European Efforts in Transitional Justice While Implementing Universal Jurisdiction: ICJ Belgium v. Senegal Case
© Springer International Publishing Switzerland 2015
Pat Gibbons and Hans-Joachim Heintze (eds.)The Humanitarian Challenge10.1007/978-3-319-13470-3_1010. European Efforts in Transitional Justice While Implementing Universal Jurisdiction: ICJ Belgium v. Senegal Case
(1)
Institute of International and European Union Law, Law Faculty, Vilnius University, Vilnius, Lithuania
10.1 Introduction
On 20th July 2012 the International Court of Justice ruled that Senegal must submit the case of Chad’s former leader Mr. Hissène Habré to its competent authorities for the purpose of prosecution if it does not extradite him to Belgium. The international consensus that the perpetrators of international crimes should not go unpunished is being advanced by established international criminal tribunals, treaty obligations and a growing number of countries that recognise universal jurisdiction for their national courts, which may have an important role to play in balancing justice and peace, accountability and stability in transitional societies as in Mr. Habré’s case. Despite the fact that universal jurisdiction (International Law Association 2000, p. 2)1 is being accepted by States while trying to comply with their international obligations, difficulties arise when it comes to the implementation of universal jurisdiction because of its concurrency with existing judicial mechanisms. The authors of this article argue that internationally recognised values and reparatory justice for victims of the conflict must be placed on a State’s power to choose which cases involving core international crimes are the objects of the exercising of its criminal jurisdiction, including universal jurisdiction and universal jurisdiction in absentia, after taking the principle of subsidiarity into account.
10.2 Universal Jurisdiction as a Comprehensible Remedy
Universal jurisdiction, being accepted widely as a tool to fight international impunity, is still one of international law’s more controversial topics (O’Keefe 2004, p. 736). Despite the positive effect of filling the impunity gap, the risk of possible negative consequences should be kept in mind when exercising universal jurisdiction. Unbridled universal jurisdiction can challenge the world order and deprive individuals of their rights when used in a politically motivated manner or for vexatious purposes. Even with the best of intentions, universal jurisdiction can be used imprudently, resulting in: unnecessary frictions between States, potential abuses of legal processes, and undue harassment of individuals prosecuted or pursued for prosecution under this theory (Bassiouni 2008, p. 153). Consequently, it is of the utmost importance firstly, to understand the essence of the doctrine of universal jurisdiction and, secondly, to implement universal jurisdiction with clear awareness of its risks.

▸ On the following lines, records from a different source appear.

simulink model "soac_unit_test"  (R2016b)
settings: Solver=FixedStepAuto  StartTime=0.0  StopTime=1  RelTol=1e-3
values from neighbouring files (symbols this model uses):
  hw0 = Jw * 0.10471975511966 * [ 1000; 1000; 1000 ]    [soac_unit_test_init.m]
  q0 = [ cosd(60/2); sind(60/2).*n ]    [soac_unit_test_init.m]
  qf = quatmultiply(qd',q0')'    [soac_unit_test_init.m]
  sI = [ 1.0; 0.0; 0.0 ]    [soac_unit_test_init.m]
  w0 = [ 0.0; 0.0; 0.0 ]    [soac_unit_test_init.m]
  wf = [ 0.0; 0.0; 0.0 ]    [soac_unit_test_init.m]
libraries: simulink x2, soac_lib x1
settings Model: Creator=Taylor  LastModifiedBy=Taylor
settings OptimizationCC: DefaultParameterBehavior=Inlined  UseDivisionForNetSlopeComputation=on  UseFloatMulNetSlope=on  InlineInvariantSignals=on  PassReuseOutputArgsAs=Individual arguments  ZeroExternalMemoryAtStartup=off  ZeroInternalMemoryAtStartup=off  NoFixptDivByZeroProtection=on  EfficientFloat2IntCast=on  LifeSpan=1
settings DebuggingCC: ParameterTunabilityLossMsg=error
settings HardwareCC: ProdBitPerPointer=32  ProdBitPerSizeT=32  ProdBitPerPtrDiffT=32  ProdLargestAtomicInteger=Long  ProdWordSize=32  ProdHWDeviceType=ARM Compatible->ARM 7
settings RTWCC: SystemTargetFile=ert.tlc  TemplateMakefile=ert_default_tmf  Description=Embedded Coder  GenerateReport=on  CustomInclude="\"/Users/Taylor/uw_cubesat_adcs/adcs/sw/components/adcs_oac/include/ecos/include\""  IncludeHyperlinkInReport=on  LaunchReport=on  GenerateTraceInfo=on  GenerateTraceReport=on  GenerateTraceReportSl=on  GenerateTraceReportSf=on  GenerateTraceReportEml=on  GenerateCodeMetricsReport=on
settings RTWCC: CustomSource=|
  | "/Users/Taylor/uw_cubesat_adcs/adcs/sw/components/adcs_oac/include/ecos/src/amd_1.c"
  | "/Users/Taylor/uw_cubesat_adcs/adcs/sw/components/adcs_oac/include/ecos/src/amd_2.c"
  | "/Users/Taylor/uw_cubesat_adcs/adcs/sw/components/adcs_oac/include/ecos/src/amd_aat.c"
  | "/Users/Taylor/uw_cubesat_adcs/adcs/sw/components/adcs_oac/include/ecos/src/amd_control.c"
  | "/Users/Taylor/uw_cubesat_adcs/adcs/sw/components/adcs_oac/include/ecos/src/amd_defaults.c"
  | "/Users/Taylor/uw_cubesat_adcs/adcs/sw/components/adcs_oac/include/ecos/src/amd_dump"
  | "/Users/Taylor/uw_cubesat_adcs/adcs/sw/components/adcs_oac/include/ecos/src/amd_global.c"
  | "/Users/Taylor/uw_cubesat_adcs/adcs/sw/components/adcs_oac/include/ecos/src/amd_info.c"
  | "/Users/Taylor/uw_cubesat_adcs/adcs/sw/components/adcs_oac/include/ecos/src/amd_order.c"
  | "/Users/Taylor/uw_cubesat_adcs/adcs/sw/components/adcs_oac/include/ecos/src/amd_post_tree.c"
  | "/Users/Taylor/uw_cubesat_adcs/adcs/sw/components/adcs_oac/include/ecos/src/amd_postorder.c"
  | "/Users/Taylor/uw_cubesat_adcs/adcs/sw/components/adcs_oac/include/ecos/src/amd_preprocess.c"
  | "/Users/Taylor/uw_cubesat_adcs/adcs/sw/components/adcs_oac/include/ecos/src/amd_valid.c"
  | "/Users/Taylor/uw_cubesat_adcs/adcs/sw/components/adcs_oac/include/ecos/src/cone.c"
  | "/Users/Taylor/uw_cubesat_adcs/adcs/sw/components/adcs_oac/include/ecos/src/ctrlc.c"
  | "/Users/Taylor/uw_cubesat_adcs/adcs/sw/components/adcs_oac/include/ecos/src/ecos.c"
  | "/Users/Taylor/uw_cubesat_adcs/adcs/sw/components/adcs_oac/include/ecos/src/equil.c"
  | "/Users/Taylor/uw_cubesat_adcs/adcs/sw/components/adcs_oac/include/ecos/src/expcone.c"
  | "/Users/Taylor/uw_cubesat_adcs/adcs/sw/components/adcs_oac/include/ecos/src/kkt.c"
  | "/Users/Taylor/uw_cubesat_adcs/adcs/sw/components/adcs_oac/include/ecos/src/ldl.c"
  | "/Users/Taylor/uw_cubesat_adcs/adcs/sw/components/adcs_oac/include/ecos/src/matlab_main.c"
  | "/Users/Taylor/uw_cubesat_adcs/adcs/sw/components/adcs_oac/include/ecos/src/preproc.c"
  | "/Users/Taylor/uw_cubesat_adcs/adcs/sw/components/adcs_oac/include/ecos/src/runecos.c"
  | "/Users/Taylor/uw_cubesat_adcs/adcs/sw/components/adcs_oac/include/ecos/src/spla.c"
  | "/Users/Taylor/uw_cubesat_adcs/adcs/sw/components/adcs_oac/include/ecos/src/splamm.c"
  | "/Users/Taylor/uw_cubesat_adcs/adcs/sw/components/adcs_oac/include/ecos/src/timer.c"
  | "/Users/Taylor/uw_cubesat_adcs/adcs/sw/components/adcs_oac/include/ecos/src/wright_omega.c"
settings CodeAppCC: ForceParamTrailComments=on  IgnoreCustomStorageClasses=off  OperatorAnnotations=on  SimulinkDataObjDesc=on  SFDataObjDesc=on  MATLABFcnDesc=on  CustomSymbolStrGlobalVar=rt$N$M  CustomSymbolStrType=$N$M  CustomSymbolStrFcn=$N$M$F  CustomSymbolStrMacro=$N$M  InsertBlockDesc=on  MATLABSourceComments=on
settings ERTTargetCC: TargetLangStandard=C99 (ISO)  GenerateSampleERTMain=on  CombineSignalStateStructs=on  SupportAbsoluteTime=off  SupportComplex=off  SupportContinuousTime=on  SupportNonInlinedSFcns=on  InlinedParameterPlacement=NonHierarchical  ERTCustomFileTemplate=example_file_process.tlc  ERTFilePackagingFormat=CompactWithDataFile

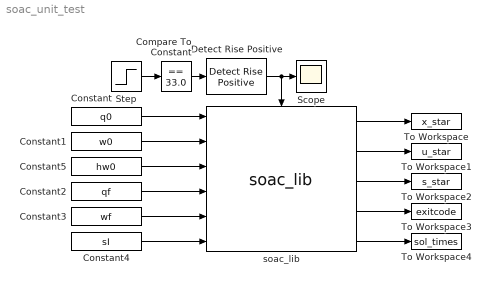
== system soac_unit_test ==
  Compare To Constant : simulink/Logic and Bit Operations/Compare To Constant  relop===  const=33.0  OutDataTypeStr=boolean
  Constant : Constant  Value=q0
  Constant1 : Constant  Value=w0
  Constant2 : Constant  Value=qf
  Constant3 : Constant  Value=wf
  Constant4 : Constant  Value=sI
  Constant5 : Constant  Value=hw0
  Detect Rise Positive : simulink/Logic and Bit Operations/Detect Rise Positive  vinit=0  OutDataTypeStr=boolean
  Scope : Scope
  Step : Step  Time=0  After=33  SampleTime=0
  To Workspace : ToWorkspace  VariableName=x_star  SampleTime=-1
  To Workspace1 : ToWorkspace  VariableName=u_star  SampleTime=-1
  To Workspace2 : ToWorkspace  VariableName=s_star  SampleTime=-1
  To Workspace3 : ToWorkspace  VariableName=exitcode  SampleTime=-1
  To Workspace4 : ToWorkspace  VariableName=sol_times  SampleTime=-1
  soac_lib : soac_lib/soac_lib
  wires:
  Constant/1 -> soac_lib/1
  Constant1/1 -> soac_lib/2
  Constant2/1 -> soac_lib/4
  Constant3/1 -> soac_lib/5
  Constant4/1 -> soac_lib/6
  soac_lib/1 -> To Workspace/1
  soac_lib/2 -> To Workspace1/1
  soac_lib/3 -> To Workspace2/1
  soac_lib/4 -> To Workspace3/1
  soac_lib/5 -> To Workspace4/1
  Step/1 -> Compare To Constant/1
  Compare To Constant/1 -> Detect Rise Positive/1
  Detect Rise Positive/1 -> soac_lib/Trigger, Scope/1
  Constant5/1 -> soac_lib/3

The assertion of universal jurisdiction originated in 1927 when the Permanent Court of International Justice in The Case of S.S. ‘Lotus’ (France v. Turkey), (the Lotus case) Stated that ‘in all systems of law the principle of the territorial character of criminal law is fundamental’, although it also added that ‘[t]he territoriality of criminal law (…) is not an absolute principle of international law and by no means coincides with territorial sovereignty’ (Lotus case, p. 20). It further added:
(…) jurisdiction is certainly territorial; it cannot be exercised by a State outside its territory except by virtue of a permissive rule derived from international custom or from a convention. It does not, however, follow that international law prohibits a State from exercising jurisdiction in its own territory, in respect of any case which relates to acts which have taken place abroad, and in which it cannot rely on some permissive rule of international law (…) Far from laying down a general prohibition to the effect that States may not extend the application of their laws and the jurisdiction of their courts to persons, property and acts outside their territory, [international law] leaves them in this respect a wide measure of discretion which is only limited in certain cases by prohibitive rules; as regards other cases, every State remains free to adopt the principles which it regards as best and most suitable (Lotus case, pp. 18–19).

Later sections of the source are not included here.